The Narendra Modi government has been consumed by the desire to beef up India’s energy security. It is in the context of the economic turmoil sparked by the Russia-Ukraine war and the dire forecast of a possible recession in several advanced economies later this year that I floated a trial balloon by suggesting that India could explore the advantages of a swap deal for gas sourced from Russian fields with either Japan or South Korea.

The suggestion isn’t outlandish but many readers of the piece in this column dated January 10 titled India May Explore Swap Deals for Sakhalin-II LNG were intrigued by the idea and raised a few queries. Before I explore the idea a little more thoroughly, permit me to recall the basic thrust of the initial suggestion.

“So far, India has shied away from the distant Russia for oil and LNG on account of the high transportation costs involved. According to energy pundits who are familiar with the international energy scene, India could buy LNG from Russia’s Sakhalin-II at favourable prices and swap it for Qatari LNG going to Japan and South Korea. This is not feasible today as neither Japan nor South Korea will break Western sanctions. But it will become possible in the post-Ukraine scenario. The world cannot afford a prolonged war in Ukraine. Russian LNG presents a cheaper energy option for everyone and the benefits are best shared. Any deal with Russia on LNG supplies will also have a sobering effect on Qatar which has dominated the field and tends to dictate prices in the absence of a credible competitor”.

There is no denying the fact that India is wrestling with an extremely difficult situation on the energy front. It ranks fourth among LNG importers and third among oil importers, with domestic production consistently going down. The swap deal that I suggested was meant for a specific area – very different from financial swaps and options that are important elements of normal oil and gas trade. What I have suggested is a swapping of physical cargoes.

Let me amplify on this with two examples.

Let us take Japan and India. Let us say that India agrees to buy LNG from Sakhalin and the cost of shipping works out to $ 2 per MMBTU. Japan also buys LNG from Sakhalin and the cost of shipping is only $ 0.50 per MMBTU because of the proximity to the source of gas. And now let us assume that Japan buys LNG from Qatar and it costs Japan $2 per MMBTU to ship it to Japan. India, on the other hand, buys LNG from Qatar and it costs $0.60 per MMBTU to ship it to India. So technically India could deliver her Sakhalin LNG to Japan and take an equivalent amount of Japan's Qatar LNG and bring it to India.

Under the swap arrangement, Japan could end up saving $1.50/MMBTU while India would be able to reduce its costs by $1.40/MMBTU. This assumes that the underlying LNG has the same specifications. If the specifications are different (one is leaner LNG when compared with the other), then an adjustment can be made for that in monetary terms. The main idea is to save on the cost of transportation.
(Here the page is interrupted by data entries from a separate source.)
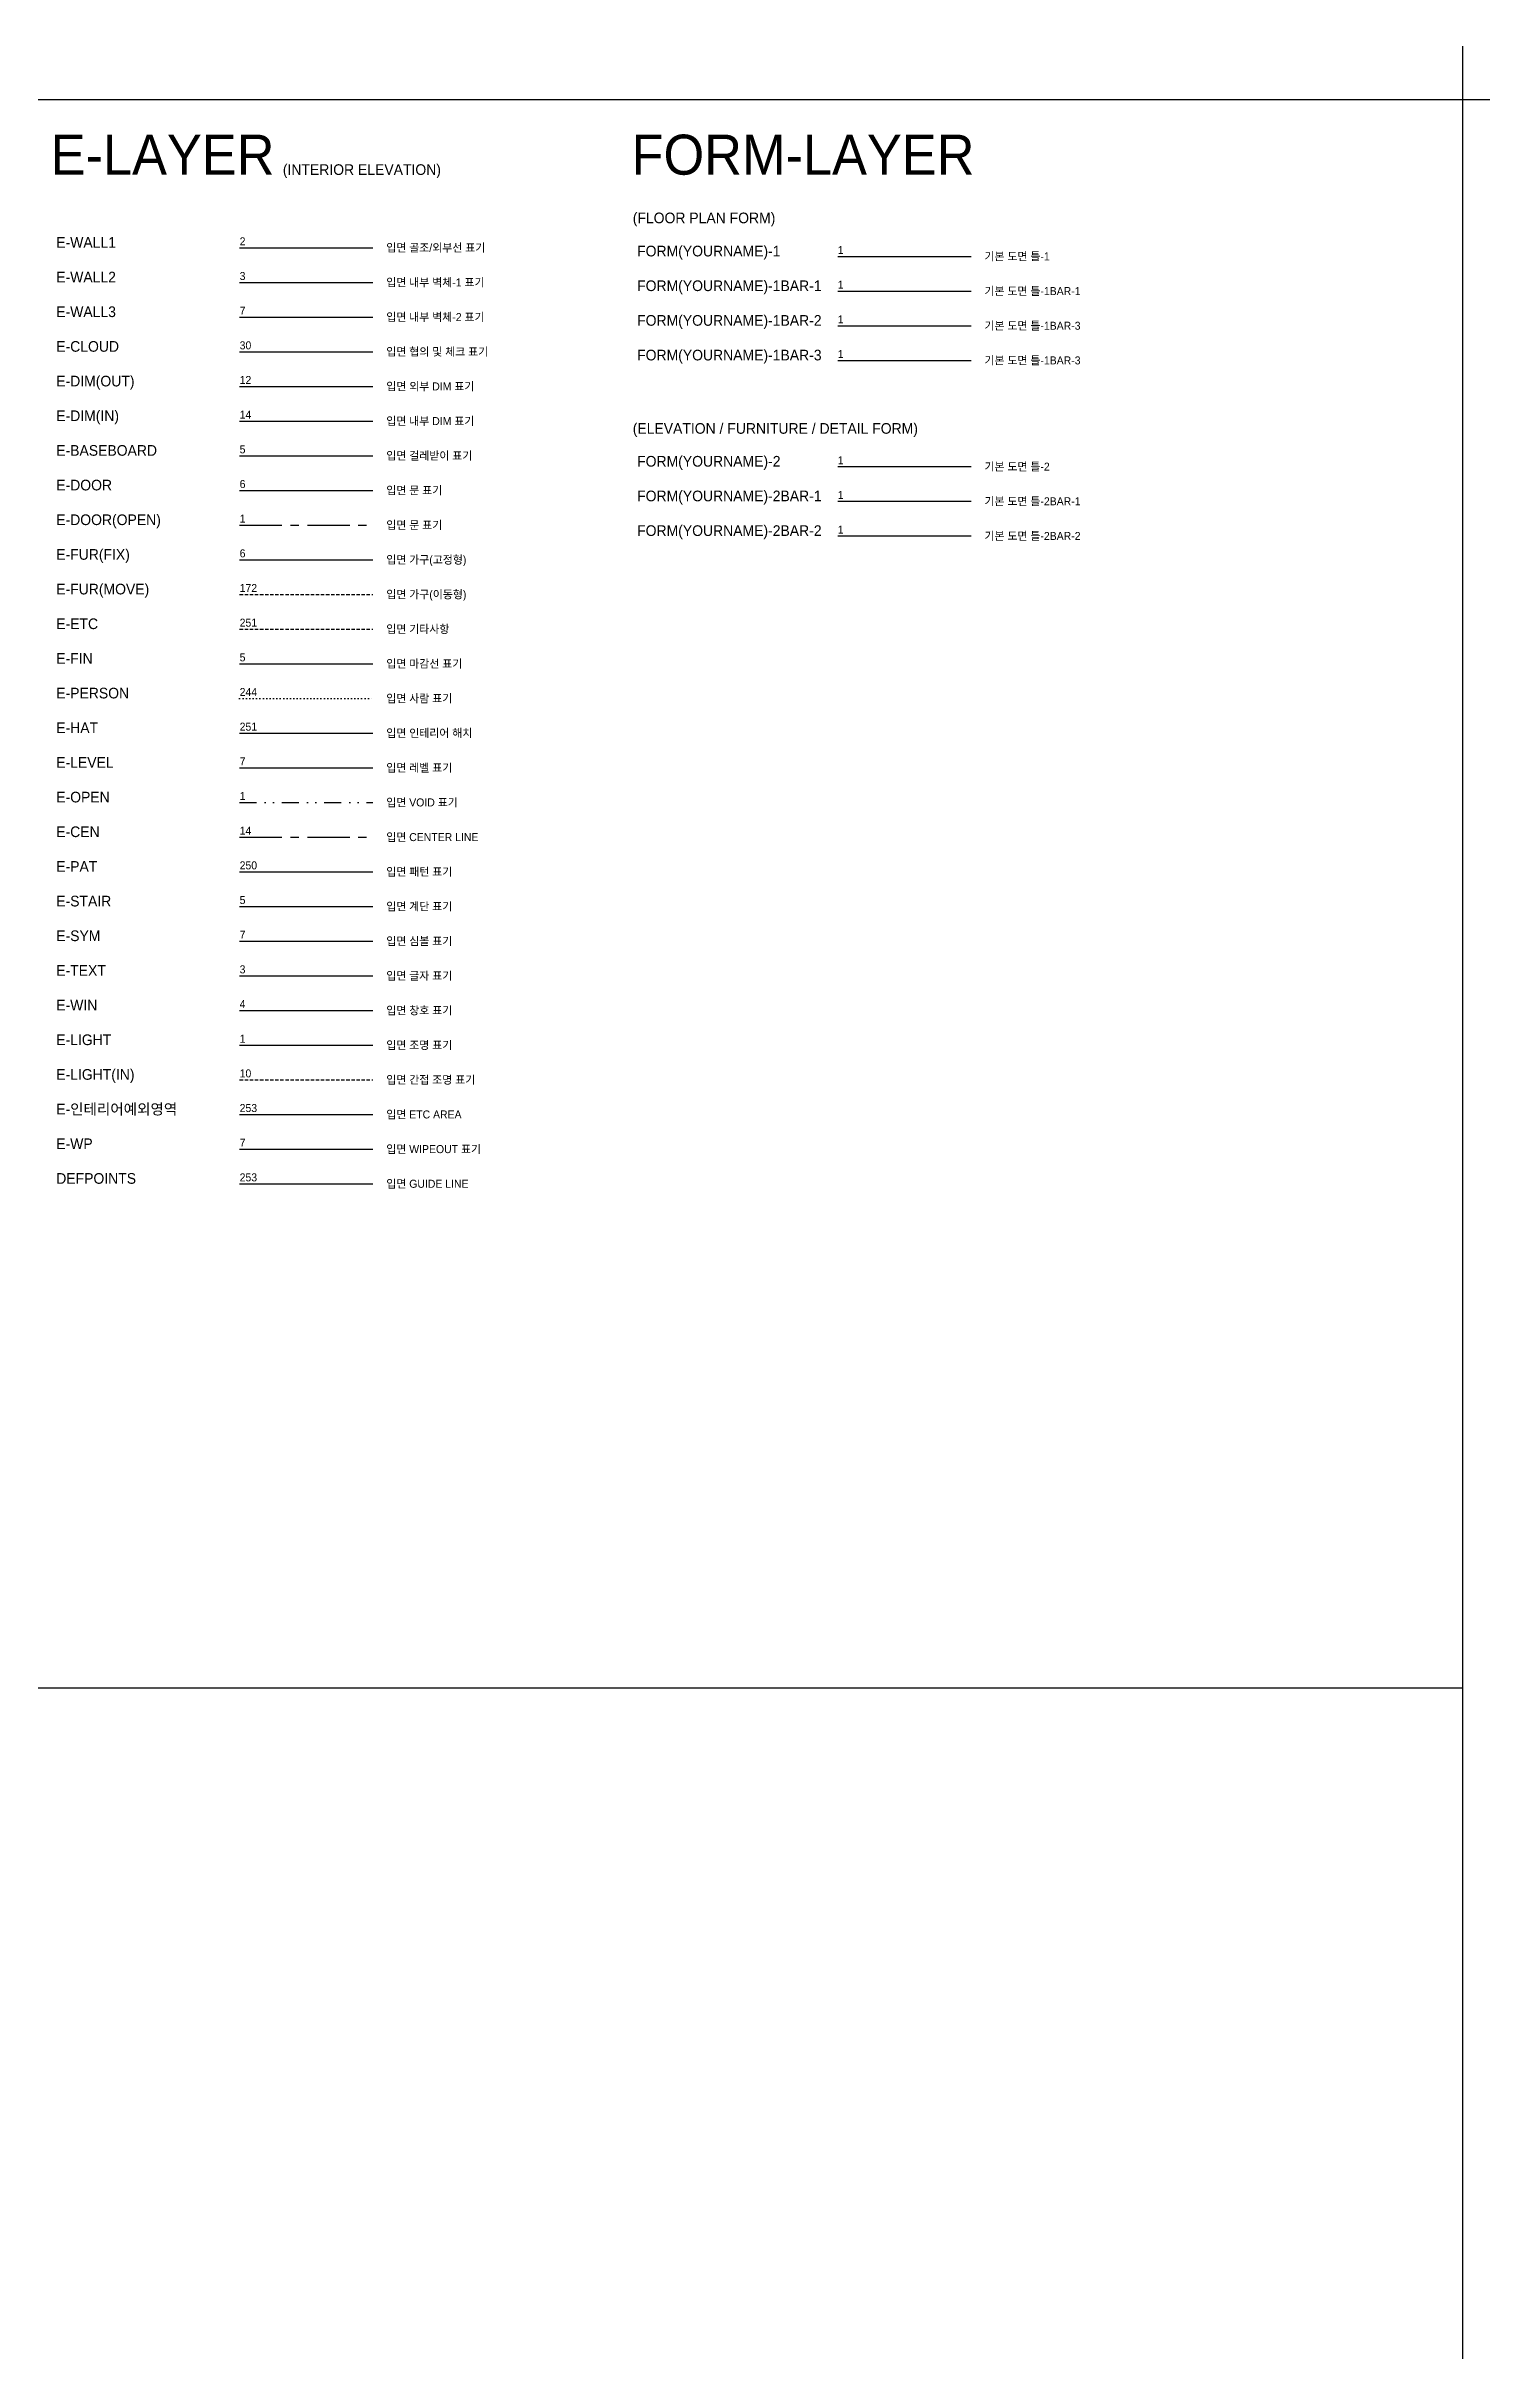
# Model space of a CAD drawing. Header units: millimetres. Extents: x -551172 to 227904, y -3435 to 261611.
# Drawn here: x -418459 to -364595, y 129088 to 215515 of the extents above; entities that cross this region are included whole.
import ezdxf
from ezdxf.enums import TextEntityAlignment as Align

# ---------------------------------------------------------------- set-up
doc = ezdxf.new("R2010")
doc.units = ezdxf.units.MM
doc.header["$LTSCALE"] = 100
for name, pattern in [('CENTER', [50.8, 31.75, -6.35, 6.35, -6.35]), ('DIVIDE', [31.75, 12.7, -6.35, 0, -6.35, 0, -6.35]), ('DOT', [6.35, 0, -6.35]), ('HIDDENX2', [19.05, 12.7, -6.35])]:
    doc.linetypes.add(name, pattern=pattern)
doc.layers.get('DEFPOINTS').update_dxf_attribs({"color": 248})
for name, color, linetype in [('0 @ 1', 7, 'Continuous'), ('E-BASEBOARD', 5, 'Continuous'), ('E-BASEBOARD @ 1', 5, 'Continuous'), ('E-CEN', 14, 'CENTER'), ('E-CEN @ 1', 14, 'CENTER'), ('E-CLOUD', 30, 'Continuous'), ('E-CLOUD @ 1', 30, 'Continuous'), ('E-DIM(IN)', 14, 'Continuous'), ('E-DIM(IN) @ 1', 14, 'Continuous'), ('E-DIM(OUT)', 1, 'Continuous'), ('E-DIM(OUT) @ 1', 1, 'Continuous'), ('E-DOOR', 6, 'Continuous'), ('E-DOOR @ 1', 6, 'Continuous'), ('E-DOOR(OPEN)', 1, 'CENTER'), ('E-DOOR(OPEN) @ 1', 1, 'CENTER'), ('E-ETC', 251, 'HIDDENX2'), ('E-ETC @ 1', 251, 'HIDDENX2'), ('E-FIN', 5, 'Continuous'), ('E-FIN @ 1', 5, 'Continuous'), ('E-FUR(FIX)', 6, 'Continuous'), ('E-FUR(FIX) @ 1', 6, 'Continuous'), ('E-FUR(MOVE)', 172, 'HIDDENX2'), ('E-FUR(MOVE) @ 1', 172, 'HIDDENX2'), ('E-HAT', 251, 'Continuous'), ('E-HAT @ 1', 251, 'Continuous'), ('E-LEVEL', 7, 'Continuous'), ('E-LEVEL @ 1', 7, 'Continuous'), ('E-LIGHT', 1, 'Continuous'), ('E-LIGHT @ 1', 1, 'Continuous'), ('E-LIGHT(IN)', 10, 'HIDDENX2'), ('E-LIGHT(IN) @ 1', 10, 'HIDDENX2'), ('E-OPEN', 1, 'DIVIDE'), ('E-OPEN @ 1', 1, 'DIVIDE'), ('E-PAT', 250, 'Continuous'), ('E-PAT @ 1', 250, 'Continuous'), ('E-PERSON', 244, 'DOT'), ('E-PERSON @ 1', 244, 'DOT'), ('E-STAIR', 5, 'Continuous'), ('E-STAIR @ 1', 5, 'Continuous'), ('E-SYM', 7, 'Continuous'), ('E-SYM @ 1', 7, 'Continuous'), ('E-TEXT', 3, 'Continuous'), ('E-TEXT @ 1', 3, 'Continuous'), ('E-WALL1', 2, 'Continuous'), ('E-WALL1 @ 1', 2, 'Continuous'), ('E-WALL2', 3, 'Continuous'), ('E-WALL2 @ 1', 3, 'Continuous'), ('E-WALL3', 7, 'Continuous'), ('E-WALL3 @ 1', 7, 'Continuous'), ('E-WIN', 4, 'Continuous'), ('E-WIN @ 1', 4, 'Continuous'), ('E-WP', 7, 'Continuous'), ('E-WP @ 1', 7, 'Continuous'), ('E-인테리어예외영역', 253, 'Continuous'), ('E-인테리어예외영역 @ 1', 253, 'Continuous'), ('FORM(YOURNAME)-11', 1, 'Continuous'), ('FORM(YOURNAME)-11 @ 1', 1, 'Continuous'), ('FORM(YOURNAME)-1BAR-1', 1, 'Continuous'), ('FORM(YOURNAME)-1BAR-1 @ 1', 1, 'Continuous'), ('FORM(YOURNAME)-1BAR-2', 1, 'Continuous'), ('FORM(YOURNAME)-1BAR-2 @ 1', 1, 'Continuous'), ('FORM(YOURNAME)-1BAR-3', 1, 'Continuous'), ('FORM(YOURNAME)-1BAR-3 @ 1', 1, 'Continuous'), ('FORM(YOURNAME)-2', 1, 'Continuous'), ('FORM(YOURNAME)-2 @ 1', 1, 'Continuous'), ('FORM(YOURNAME)-2BAR-1', 1, 'Continuous'), ('FORM(YOURNAME)-2BAR-1 @ 1', 1, 'Continuous'), ('FORM(YOURNAME)-2BAR-2', 1, 'Continuous'), ('FORM(YOURNAME)-2BAR-2 @ 1', 1, 'Continuous')]:
    doc.layers.add(name, color=color, linetype=linetype)
doc.layers.add('DEFPOINTS @ 1', color=248, linetype='Continuous', plot=False)
doc.styles.add('YOURNAME', font='HYWULM.TTF')

msp = doc.modelspace()

# ---------------------------------------------------------------- linework, layer by layer
at = {"layer": 'DEFPOINTS', "color": 156}
for p, q in [((-365327.9, 215514.9), (-365327.9, 16229.4)), ((-537203.8, 213514.9), (-11030, 213514.9)), ((-537203.8, 153958.2), (-365327.9, 153958.2))]:
    msp.add_line(p, q, dxfattribs=at)
at = {"layer": 'DEFPOINTS'}
msp.add_line((-411197.5, 172853.4), (-406197.5, 172853.4), dxfattribs=at)
at = {"layer": 'E-BASEBOARD'}
msp.add_line((-411197.5, 200153.4), (-406197.5, 200153.4), dxfattribs=at)
at = {"layer": 'E-CEN', "ltscale": 0.5}
msp.add_line((-411197.5, 185853.4), (-406197.5, 185853.4), dxfattribs=at)
at = {"layer": 'E-CLOUD'}
msp.add_line((-411197.5, 204053.4), (-406197.5, 204053.4), dxfattribs=at)
at = {"layer": 'E-DIM(IN)'}
msp.add_line((-411197.5, 201453.4), (-406197.5, 201453.4), dxfattribs=at)
at = {"layer": 'E-DIM(OUT)'}
msp.add_line((-411197.5, 202753.4), (-406197.5, 202753.4), dxfattribs=at)
at = {"layer": 'E-DOOR'}
msp.add_line((-411197.5, 198853.4), (-406197.5, 198853.4), dxfattribs=at)
at = {"layer": 'E-DOOR(OPEN)', "ltscale": 0.5}
msp.add_line((-411197.5, 197553.4), (-406197.5, 197553.4), dxfattribs=at)
at = {"layer": 'E-ETC', "ltscale": 0.1}
msp.add_line((-411197.5, 193653.4), (-406197.5, 193653.4), dxfattribs=at)
at = {"layer": 'E-FIN'}
msp.add_line((-411197.5, 192353.4), (-406197.5, 192353.4), dxfattribs=at)
at = {"layer": 'E-FUR(FIX)'}
msp.add_line((-411197.5, 196253.4), (-406197.5, 196253.4), dxfattribs=at)
at = {"layer": 'E-FUR(MOVE)', "ltscale": 0.1}
msp.add_line((-411197.5, 194953.4), (-406197.5, 194953.4), dxfattribs=at)
at = {"layer": 'E-HAT'}
msp.add_line((-411197.5, 189753.4), (-406197.5, 189753.4), dxfattribs=at)
at = {"layer": 'E-LEVEL'}
msp.add_line((-411197.5, 188453.4), (-406197.5, 188453.4), dxfattribs=at)
at = {"layer": 'E-LIGHT'}
msp.add_line((-411197.5, 178053.4), (-406197.5, 178053.4), dxfattribs=at)
at = {"layer": 'E-LIGHT(IN)', "ltscale": 0.1}
msp.add_line((-411197.5, 176753.4), (-406197.5, 176753.4), dxfattribs=at)
at = {"layer": 'E-OPEN', "ltscale": 0.5}
msp.add_line((-411197.5, 187153.4), (-406197.5, 187153.4), dxfattribs=at)
at = {"layer": 'E-PAT'}
msp.add_line((-411197.5, 184553.4), (-406197.5, 184553.4), dxfattribs=at)
at = {"layer": 'E-PERSON', "ltscale": 0.2}
msp.add_line((-411197.5, 191053.4), (-406197.5, 191053.4), dxfattribs=at)
at = {"layer": 'E-STAIR'}
msp.add_line((-411197.5, 183253.4), (-406197.5, 183253.4), dxfattribs=at)
at = {"layer": 'E-SYM'}
msp.add_line((-411197.5, 181953.4), (-406197.5, 181953.4), dxfattribs=at)
at = {"layer": 'E-TEXT'}
msp.add_line((-411197.5, 180653.4), (-406197.5, 180653.4), dxfattribs=at)
at = {"layer": 'E-WALL1'}
msp.add_line((-411197.5, 207953.4), (-406197.5, 207953.4), dxfattribs=at)
at = {"layer": 'E-WALL2'}
msp.add_line((-411197.5, 206653.4), (-406197.5, 206653.4), dxfattribs=at)
at = {"layer": 'E-WALL3'}
msp.add_line((-411197.5, 205353.4), (-406197.5, 205353.4), dxfattribs=at)
at = {"layer": 'E-WIN'}
msp.add_line((-411197.5, 179353.4), (-406197.5, 179353.4), dxfattribs=at)
at = {"layer": 'E-WP'}
msp.add_line((-411197.5, 174153.4), (-406197.5, 174153.4), dxfattribs=at)
at = {"layer": 'E-인테리어예외영역'}
msp.add_line((-411197.5, 175453.4), (-406197.5, 175453.4), dxfattribs=at)
at = {"layer": 'FORM(YOURNAME)-11'}
msp.add_line((-388757.5, 207628.6), (-383757.5, 207628.6), dxfattribs=at)
at = {"layer": 'FORM(YOURNAME)-1BAR-1'}
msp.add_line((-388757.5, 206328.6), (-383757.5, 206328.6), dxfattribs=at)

The second example looks at a way to beat the Western sanctions. We are not dealing with swap arrangements here but they have the same impact. Let us take Russia and Iran. Let us say Iran consumes 1 million barrels a day domestically. Russia agrees to supply a million barrels a day to Iran. For a small charge, Iran provides a million barrels a day to India. India saves on shipping costs and Iran makes money by helping Russia beat sanctions. Russia could use China or India in the same way. If China and India have surplus refining capacity, then Russian crude could flow to India and China and these two countries, in turn, could supply petroleum products to the rest of the world. So, there are multiple ways to skin the cat. And I am pretty sure that some of these things are already happening with Russian crude.

I wrote the piece in the context of the news report that the US, which is already a crude oil exporter, will soon emerge as a natural gas exporter as well. India has, of late, been importing crude oil from the US though the quantity is not large. Before the Ukraine war, Russia only had a negligible share in India’s total oil imports. Once the Ukraine crisis ends, this could revert to pre-war levels. Both Russia and the US are too far away from India to make continued imports of oil and gas viable. This will never happen unless transportation costs come down. And that is where the relevance – and advantage -- of swapping physical cargoes comes in.

The cargo swaps I suggested is possible only if there are two interested parties. It will be easier to seal swap deals in the case of imports from Russia than from the US. Japan and South Korea are LNG importers from both Russia and Qatar. India’s import from Russia can go to Japan and Korea, and their imports from Qatar can come to India.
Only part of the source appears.